Methods: The study will be conducted in three parts: phase 1b dose-escalation, phase 1b expansion, and phase 2. Eligibility criteria for phase 1b dose-escalation and expansion (N ≈ 30 for each part) include ≥ 18 years of age, ECOG ≤ 2, R/R PCNSL, R/R SCNSL with CNS-only relapse, or R/R PVRL. Patients with newly diagnosed PCNSL who cannot tolerate standard high-dose methotrexate-based therapies are also eligible. Subjects who had prior allogeneic stem cell transplant are excluded. A Bayesian optimal interval design will be employed to perform dose escalation with the primary objective of determining the recommended phase 2 dose. In the absence of DLT, subsequent dose levels will increase sequentially according to a modified Fibonacci approach. The phase 2 portion of the study will initiate following the determination of the RP2D based on phase 1 results and is a single-arm, open-label study of GB5121 in subjects with R/R PCNSL. Adverse events will be graded per Common Terminology Criteria for Adverse Events (CTCAE v5.0) to establish a toxicity profile. Therapeutic response (overall response rate, complete response, partial response) will be determined according to the criteria of the International Primary CNS Lymphoma Collaborative Group. Progression-free survival and overall survival will be evaluated. This clinical trial started enrollment in May 2022.

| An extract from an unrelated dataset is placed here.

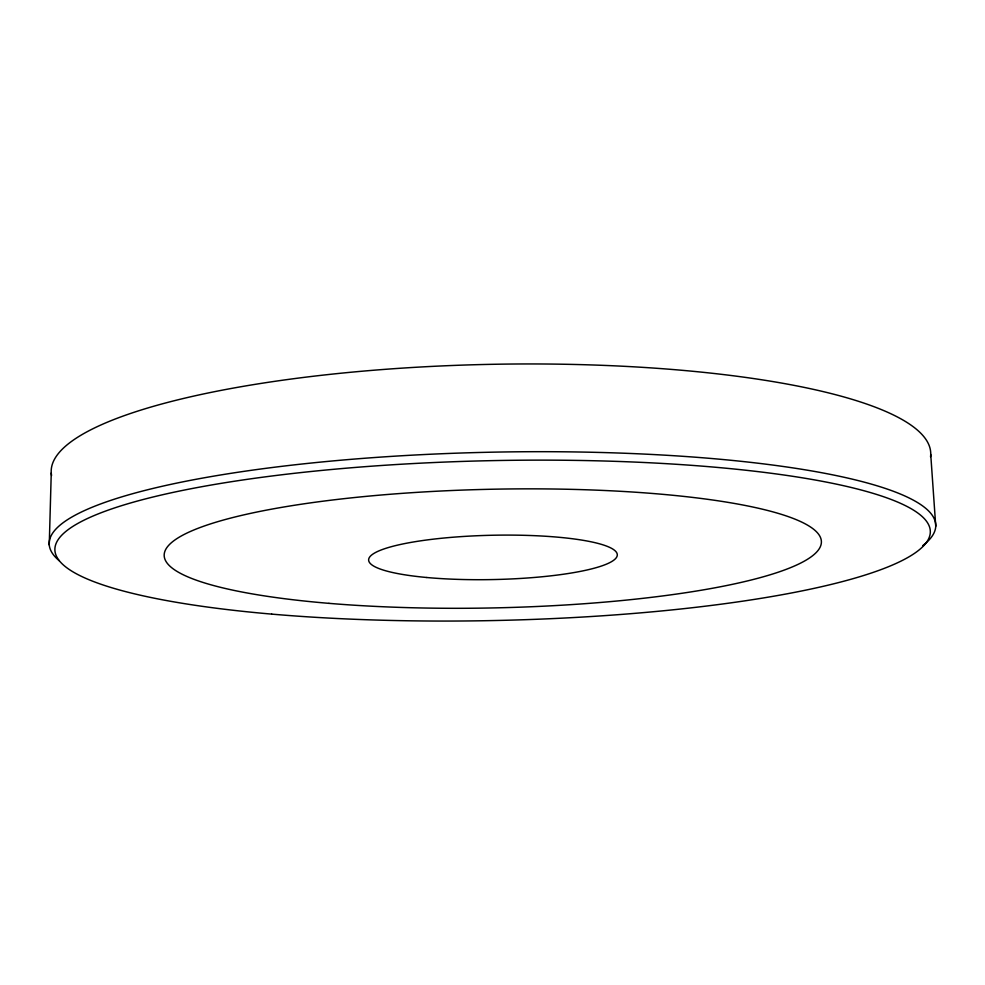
<?xml version="1.0" encoding="UTF-8"?>
<svg xmlns="http://www.w3.org/2000/svg" width="985" height="985" viewBox="0 0 985 985"><rect width="100%" height="100%" fill="white"/><g stroke="black" fill="none" stroke-linecap="round" stroke-linejoin="round"><path stroke-width="1.48" d="M49.25 544.939L51.257 472.972M930.726 454.405L935.75 526.236M59.309 560.785A443.385 82.334 -1.2 0 1 498.902 452.053A443.385 82.334 -1.2 0 1 922.723 545.653M51.577 475.435A439.864 98.229 -1.2 0 1 488.572 364.388A439.864 98.229 -1.2 0 1 930.529 456.868M328.953 603.349A328.694 59.346 -1.2 0 0 821.391 541.812A328.694 59.346 -1.2 0 0 327.956 500.565A328.694 59.346 -1.2 0 0 328.953 603.349M426.776 577.505A124.369 22.162 -1.2 0 0 617.201 555.712A124.369 22.162 -1.2 0 0 434.877 538.98A124.369 22.162 -1.2 0 0 426.776 577.505M271.675 614.111A437.808 79.957 -1.2 0 0 930.308 532.171A437.808 79.957 -1.2 0 0 275.812 475.509A437.808 79.957 -1.2 0 0 271.675 614.111"/></g></svg>

Results: N/A (trial in progress)
Conclusions: N/A (trial in progress)
Disclosures
Soussain:Gossamer Bio: Other: travel funding ; AstraZeneca: Research Funding; Hangzhou Henzen Pharmaceuticals: Research Funding. Lewis:AstraZeneca: Consultancy, Honoraria; Janssen: Honoraria, Patents & Royalties: conference attendance; Novartis: Patents & Royalties: conference attendance; Roche: Consultancy, Honoraria; Loxo/Lilly: Other: Trial Steering Committee; IQVIA: Membership on an entity's Board of Directors or advisory committees. Grommes:Scripps Conference Services & CME: Other: provision of services; Ono Pharma: Other: provision of services; Kite Pharmaceuticals: Other: provision of services; BTG International: Other: provision of services; Ampressa Therapeutics, Inc: Other: provision of services. Fox:CPRIT: Consultancy; Amphivena Therapeutics: Patents & Royalties; Viracta Therapeutics, Inc.: Consultancy, Current equity holder in publicly-traded company; Triursus: Consultancy; Sunesis Pharmaceuticals: Current equity holder in publicly-traded company, Ended employment in the past 24 months; Gossamer Bio, Inc.: Consultancy, Current equity holder in publicly-traded company. Ward:Gossamer Bio: Consultancy; Loxo Oncology at Lilly: Consultancy; InClin: Consultancy; CTI Biopharma: Consultancy. Peterson:Gossamer Bio, Inc.: Current Employment, Current equity holder in publicly-traded company. Cravets:Gossamer Bio, Inc.: Current Employment, Current equity holder in publicly-traded company. Mathias:Gossamer Bio, Inc.: Current Employment, Current equity holder in publicly-traded company. Sosa:Gossamer Bio, Inc.: Current Employment, Current equity holder in publicly-traded company. Kirby:Gossamer Bio, Inc.: Current Employment, Current equity holder in publicly-traded company. Ding:Gossamer Bio, Inc.: Current Employment, Current equity holder in publicly-traded company. Yusuf:Gossamer Bio, Inc.: Current Employment, Current equity holder in publicly-traded company. Rose:Gossamer Bio, Inc.: Current Employment, Current equity holder in publicly-traded company. Steinberg:Gossamer Bio, Inc.: Current Employment, Current equity holder in publicly-traded company. Tun:Gossamer Bio, Inc.: Consultancy, Research Funding.
Author notes
Asterisk with author names denotes non-ASH members.